OverviewProjects
Explore

Yaman Music Audio Classification System

Fullstack Developer•Nov 2024 - Jan 2025
FlaskPythonNext.jsReactTypescriptTailwind CSSShadcn UI
RepositoryLive

AI for Cultural Preservation

Traditional music is a vital part of Yemen's cultural identity, but much of it remains undocumented and unorganized. Manual classification is slow and requires expert knowledge.

This project was built to solve this. It is an automated tool that uses Deep Learning to listen to audio files and categorize them into three distinct regional styles: Adeni, Hadrami, and Lahji.

Architecture

This project required a seamless handshake between a modern JavaScript frontend and a powerful Python backend. I architected a Monorepo setup to handle both concurrently.

  • Frontend - A clean, responsive interface for users to upload .mp3 files and view results.

  • Backend - A robust API that receives the audio, processes it, and serves the Deep Learning model.

  • The Engine - A Convolutional Neural Network (CNN) trained to recognize audio patterns.

The Engineering Challenge

From Audio to Image (Preprocessing)

Machines cannot hear music, but they can see it.
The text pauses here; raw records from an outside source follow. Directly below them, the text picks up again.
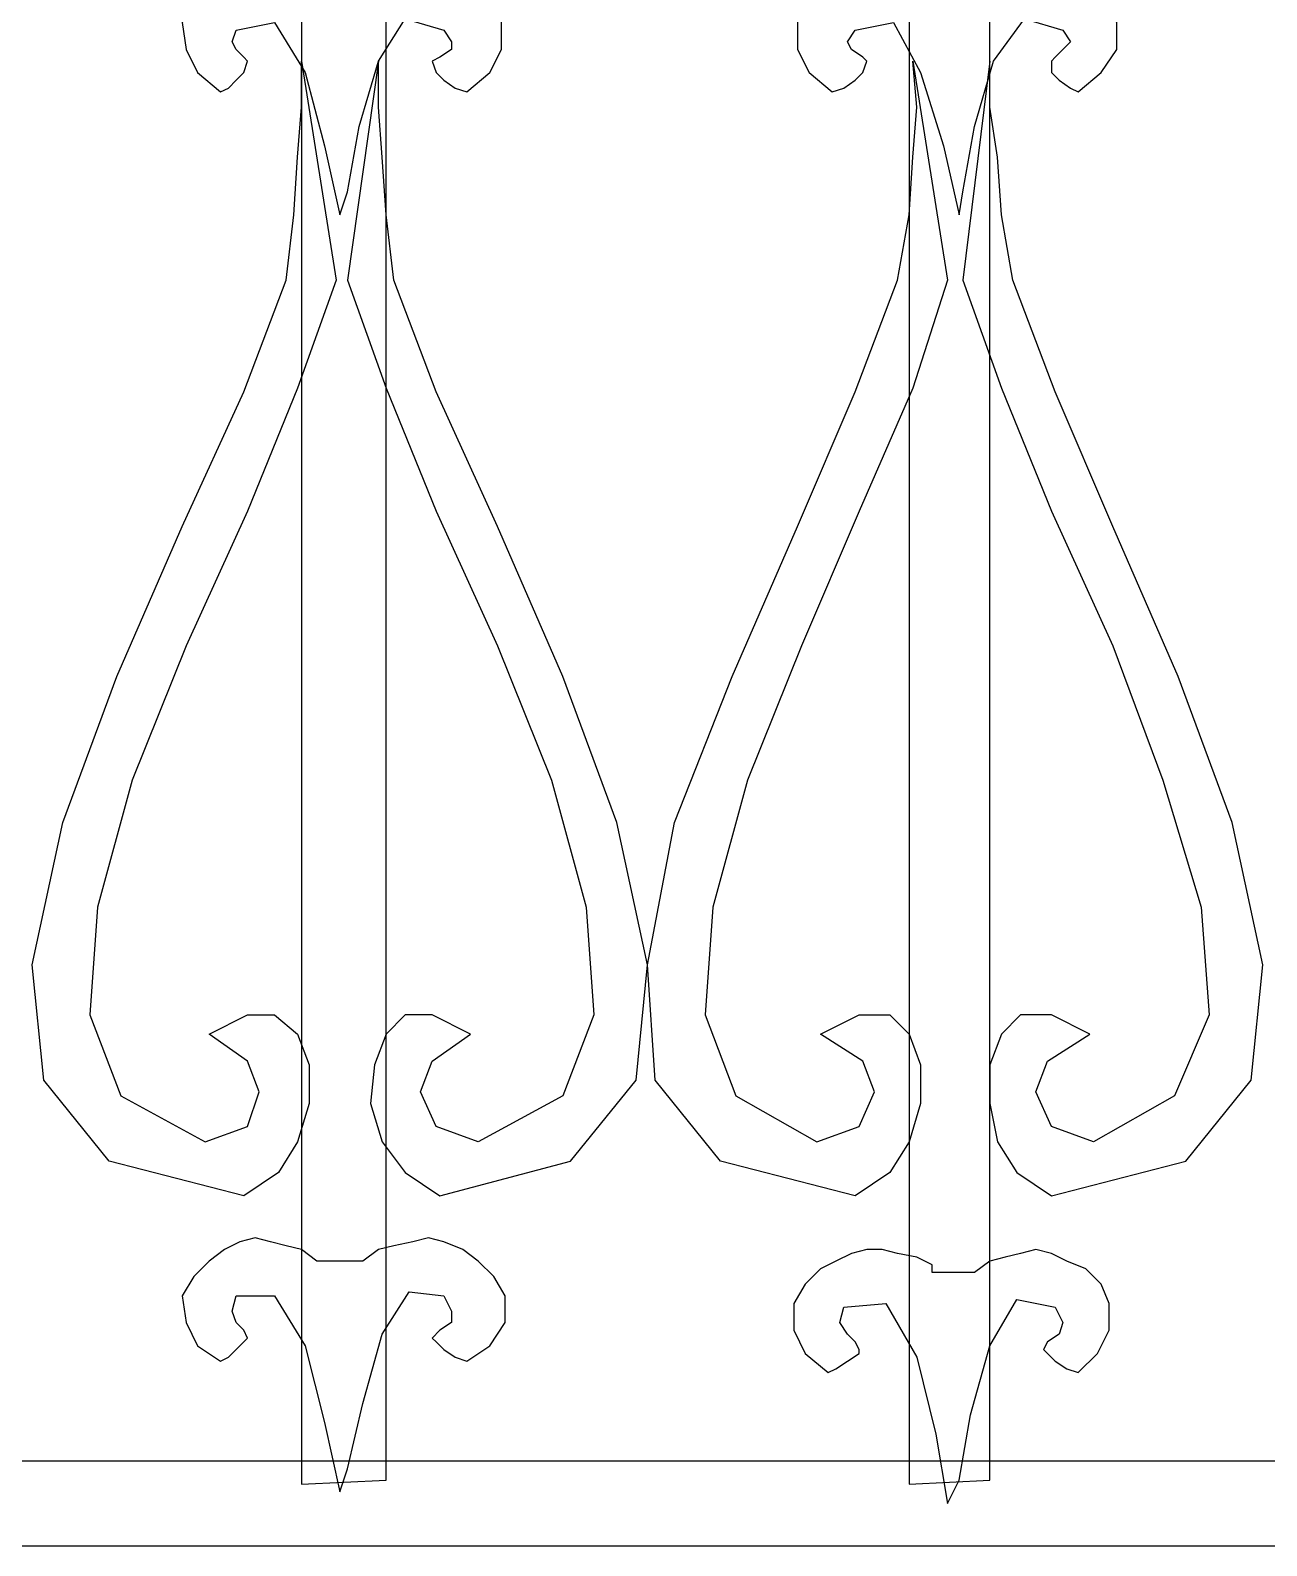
# Model space of a CAD drawing. Header units: centimetres. Extents: x -44.8 to 53, y -30.8 to 53.
# Drawn here: x 3.77 to 24.6, y -29.25 to -3.73 of the extents above; entities that cross this region are included whole.
import ezdxf

# ---------------------------------------------------------------- set-up
doc = ezdxf.new("R2010")
doc.units = ezdxf.units.CM
doc.header["$MEASUREMENT"] = 0
doc.layers.add('layer 1', color=7, linetype='Continuous')

msp = doc.modelspace()

# ---------------------------------------------------------------- linework, layer by layer
at = {"layer": 'layer 1', "color": 156}
for points, knots in [([(8.33904, -28.21475), (8.33904, -28.21475), (8.33904, 51.52764), (8.33904, 51.52764), (8.33904, 51.52764), (8.33904, 51.52764), (9.76417, 51.52764), (9.76417, 51.52764), (9.76417, 51.52764), (9.76417, 51.52764), (9.76417, -28.14997), (9.76417, -28.14997), (9.76417, -28.14997), (9.76417, -28.14997), (8.33904, -28.21475), (8.33904, -28.21475)], [0, 0, 0, 0, 0.25, 0.25, 0.25, 0.25, 0.5, 0.5, 0.5, 0.5, 0.75, 0.75, 0.75, 0.75, 1, 1, 1, 1]), ([(18.57405, -28.21475), (18.57405, -28.21475), (18.57405, 51.52764), (18.57405, 51.52764), (18.57405, 51.52764), (18.57405, 51.52764), (19.9344, 51.52764), (19.9344, 51.52764), (19.9344, 51.52764), (19.9344, 51.52764), (19.9344, -28.14997), (19.9344, -28.14997), (19.9344, -28.14997), (19.9344, -28.14997), (18.57405, -28.21475), (18.57405, -28.21475)], [0, 0, 0, 0, 0.25, 0.25, 0.25, 0.25, 0.5, 0.5, 0.5, 0.5, 0.75, 0.75, 0.75, 0.75, 1, 1, 1, 1]), ([(8.59815, -2.95112), (8.59815, -2.95112), (9.3755, -2.95112), (9.3755, -2.95112), (9.3755, -2.95112), (9.3755, -2.95112), (9.3755, -2.95112), (9.3755, -2.95112), (9.3755, -2.95112), (9.3755, -2.95112), (9.63461, -2.82156), (9.63461, -2.82156), (9.63461, -2.82156), (9.63461, -2.82156), (9.89372, -2.75678), (9.89372, -2.75678), (9.89372, -2.75678), (9.89372, -2.75678), (10.21762, -2.692), (10.21762, -2.692), (10.21762, -2.692), (10.21762, -2.692), (10.47673, -2.692), (10.47673, -2.692), (10.47673, -2.692), (10.47673, -2.692), (10.73584, -2.75678), (10.73584, -2.75678), (10.73584, -2.75678), (10.73584, -2.75678), (11.05974, -2.82156), (11.05974, -2.82156), (11.05974, -2.82156), (11.05974, -2.82156), (11.31885, -3.0159), (11.31885, -3.0159), (11.31885, -3.0159), (11.31885, -3.0159), (11.57797, -3.21023), (11.57797, -3.21023), (11.57797, -3.21023), (11.57797, -3.21023), (11.70752, -3.5989), (11.70752, -3.5989), (11.70752, -3.5989), (11.70752, -3.5989), (11.70752, -4.05235), (11.70752, -4.05235), (11.70752, -4.05235), (11.70752, -4.05235), (11.51319, -4.44103), (11.51319, -4.44103), (11.51319, -4.44103), (11.51319, -4.44103), (11.12452, -4.76492), (11.12452, -4.76492), (11.12452, -4.76492), (11.12452, -4.76492), (10.93018, -4.70014), (10.93018, -4.70014), (10.93018, -4.70014), (10.93018, -4.70014), (10.73584, -4.57058), (10.73584, -4.57058), (10.73584, -4.57058), (10.73584, -4.57058), (10.60629, -4.44103), (10.60629, -4.44103), (10.60629, -4.44103), (10.60629, -4.44103), (10.54151, -4.24669), (10.54151, -4.24669), (10.54151, -4.24669), (10.54151, -4.24669), (10.67107, -4.18191), (10.67107, -4.18191), (10.67107, -4.18191), (10.67107, -4.18191), (10.8654, -4.05235), (10.8654, -4.05235), (10.8654, -4.05235), (10.8654, -4.05235), (10.8654, -3.9228), (10.8654, -3.9228), (10.8654, -3.9228), (10.8654, -3.9228), (10.73584, -3.72846), (10.73584, -3.72846), (10.73584, -3.72846), (10.73584, -3.72846), (10.08806, -3.53413), (10.08806, -3.53413), (10.08806, -3.53413), (10.08806, -3.53413), (9.63461, -4.24669), (9.63461, -4.24669), (9.63461, -4.24669), (9.63461, -4.24669), (9.31072, -5.34792), (9.31072, -5.34792), (9.31072, -5.34792), (9.31072, -5.34792), (9.11638, -6.44916), (9.11638, -6.44916), (9.11638, -6.44916), (9.11638, -6.44916), (8.98682, -6.83783), (8.98682, -6.83783), (8.98682, -6.83783), (8.98682, -6.83783), (8.72771, -5.67182), (8.72771, -5.67182), (8.72771, -5.67182), (8.72771, -5.67182), (8.40382, -4.44103), (8.40382, -4.44103), (8.40382, -4.44103), (8.40382, -4.44103), (7.88559, -3.5989), (7.88559, -3.5989), (7.88559, -3.5989), (7.88559, -3.5989), (7.2378, -3.72846), (7.2378, -3.72846), (7.2378, -3.72846), (7.2378, -3.72846), (7.17302, -3.9228), (7.17302, -3.9228), (7.17302, -3.9228), (7.17302, -3.9228), (7.2378, -4.05235), (7.2378, -4.05235), (7.2378, -4.05235), (7.2378, -4.05235), (7.36736, -4.18191), (7.36736, -4.18191), (7.36736, -4.18191), (7.36736, -4.18191), (7.43214, -4.24669), (7.43214, -4.24669), (7.43214, -4.24669), (7.43214, -4.24669), (7.36736, -4.44103), (7.36736, -4.44103), (7.36736, -4.44103), (7.36736, -4.44103), (7.2378, -4.57058), (7.2378, -4.57058), (7.2378, -4.57058), (7.2378, -4.57058), (7.10825, -4.70014), (7.10825, -4.70014), (7.10825, -4.70014), (7.10825, -4.70014), (6.97869, -4.76492), (6.97869, -4.76492), (6.97869, -4.76492), (6.97869, -4.76492), (6.59002, -4.44103), (6.59002, -4.44103), (6.59002, -4.44103), (6.59002, -4.44103), (6.39568, -4.05235), (6.39568, -4.05235), (6.39568, -4.05235), (6.39568, -4.05235), (6.3309, -3.5989), (6.3309, -3.5989), (6.3309, -3.5989), (6.3309, -3.5989), (6.52524, -3.21023), (6.52524, -3.21023), (6.52524, -3.21023), (6.52524, -3.21023), (6.78435, -3.0159), (6.78435, -3.0159), (6.78435, -3.0159), (6.78435, -3.0159), (7.04347, -2.82156), (7.04347, -2.82156), (7.04347, -2.82156), (7.04347, -2.82156), (7.30258, -2.75678), (7.30258, -2.75678), (7.30258, -2.75678), (7.30258, -2.75678), (7.5617, -2.692), (7.5617, -2.692), (7.5617, -2.692), (7.5617, -2.692), (7.82081, -2.692), (7.82081, -2.692), (7.82081, -2.692), (7.82081, -2.692), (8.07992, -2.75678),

The core of our system relies on converting raw audio waves into Mel-Spectrograms, visual representations of sound frequencies over time.

We built the Python pipeline that:

  1. Accepts the user's uploaded file.

  2. Normalizes the audio duration.

  3. Generates the Spectrogram image.

  4. Feeds it into the CNN model for prediction.

Improving Accuracy (60% → 93%)

Initially, our model struggled with a 60% accuracy rate due to a small dataset. Working closely with my teammate (who focused on the model architecture), we implemented Data Augmentation techniques. By adding noise, changing pitch, and stretching time in our training data, we made the model robust against poor recording quality.

This iterative tuning pushed our final accuracy to 93.84%.

User Experience

While the backend was complex, I ensured the frontend remained simple. Users don't need to know about Spectrograms or CNNs. They simply upload a song and get an instant result.

  • Model Serving - I learned that serving an AI model requires different considerations than a standard CRUD API, specifically regarding request timeouts and processing power.

  • Cross-Language Integration - Bridging Next.js (JS) and Flask (Python) taught me how to design efficient APIs that handle file streams effectively.

  • Cultural Impact - It proved that modern technology can be a powerful tool for archiving and preserving traditional art forms.